* [Exercise data]
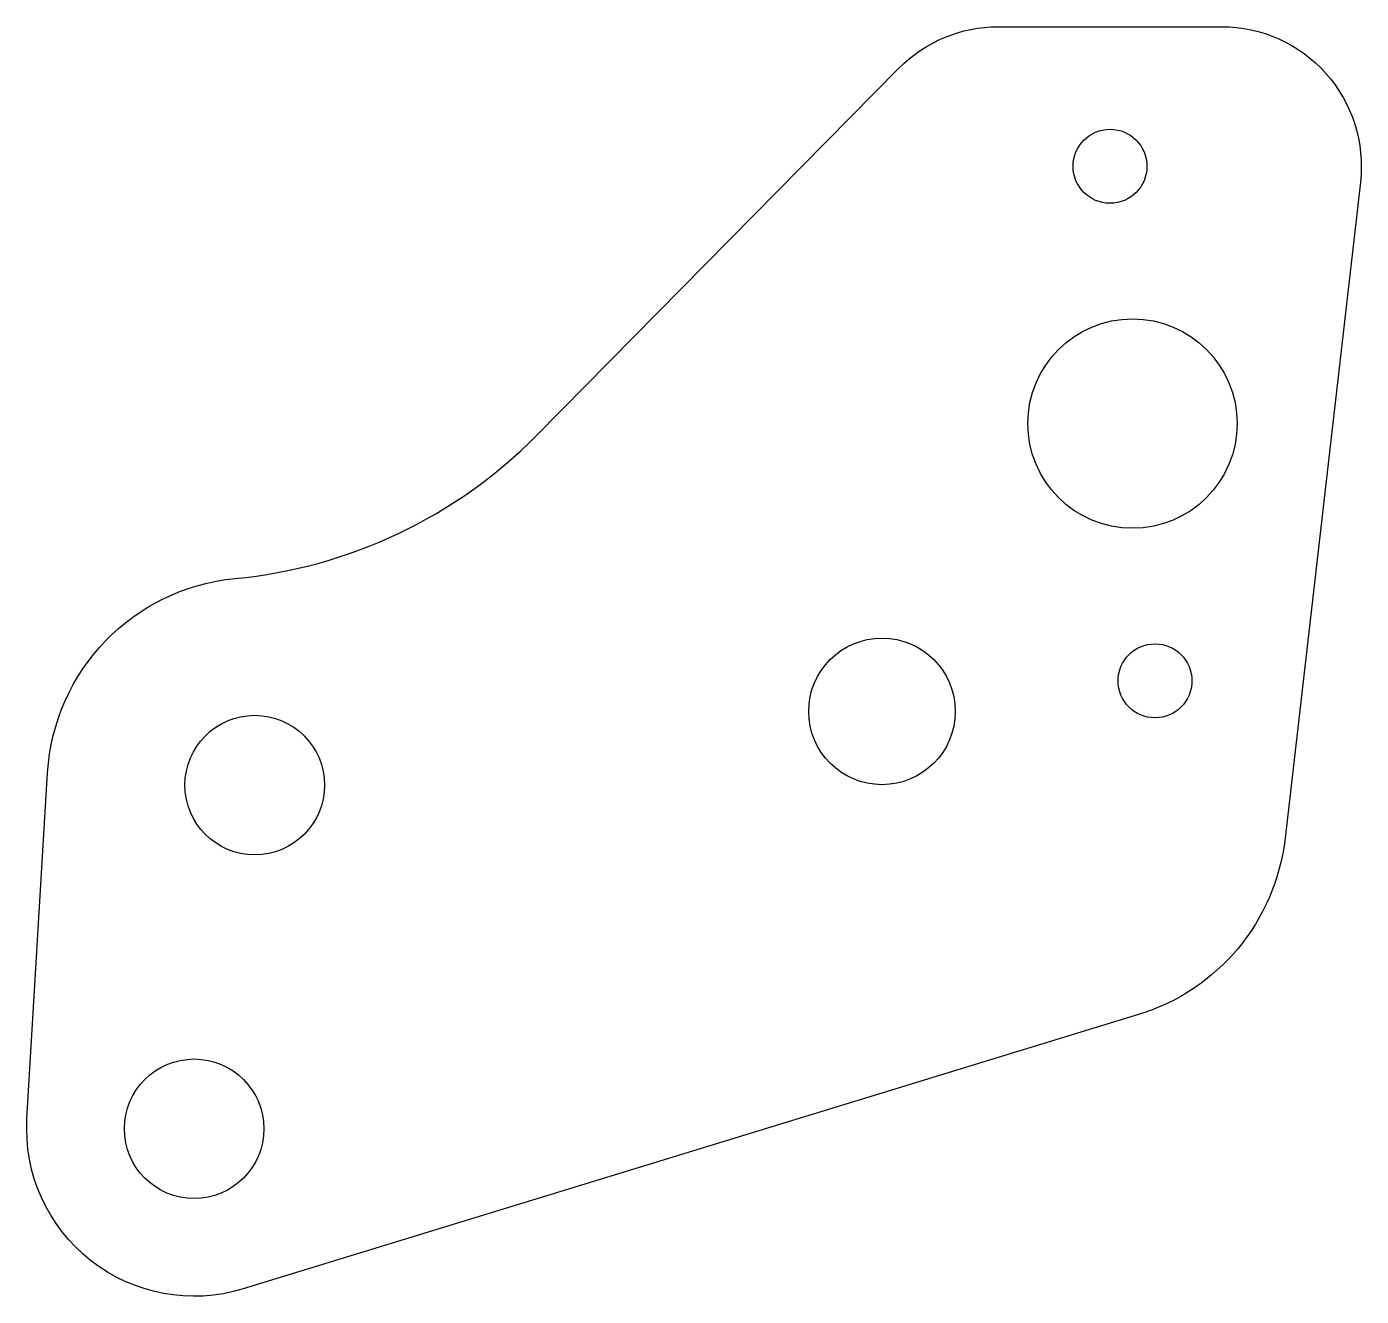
# Model space of a CAD drawing. Header units: millimetres. Extents: x -75.2 to 20.4, y -12.6 to 78.4.
import ezdxf

# ---------------------------------------------------------------- set-up
doc = ezdxf.new("R2010")
doc.units = ezdxf.units.MM
doc.layers.get('0').update_dxf_attribs({"linetype": 'CONTINUOUS'})

msp = doc.modelspace()

# ---------------------------------------------------------------- linework, layer by layer
msp.add_lwpolyline([(-73.715, 24.948, -0.369696), (-60.281, 38.861, 0.176017), (-38.688, 49.11), (-12.706, 75.418, -0.200532), (-5.591, 78.391), (10.427, 78.391, -0.448118), (20.361, 67.25), (14.963, 20.25, -0.298198), (4.454, 7.62), (-59.702, -12.032, -0.523052), (-75.195, 0.157)], format="xyb", close=True)
for centre, radius in [((2.418, 68.391), 2.65), ((4.03, 49.962), 7.5), ((-13.926, 29.341), 5.25), ((5.642, 31.532), 2.65), ((-58.876, 24.062), 5), ((-63.217, -0.558), 5)]:
    msp.add_circle(centre, radius)

doc.saveas('drawing.dxf')

* [Instructions for the task]
Scan the listing above, and wherever a line holds the word "centre", copy it.

* [Answer]
for centre, radius in [((2.418, 68.391), 2.65), ((4.03, 49.962), 7.5), ((-13.926, 29.341), 5.25), ((5.642, 31.532), 2.65), ((-58.876, 24.062), 5), ((-63.217, -0.558), 5)]:
    msp.add_circle(centre, radius)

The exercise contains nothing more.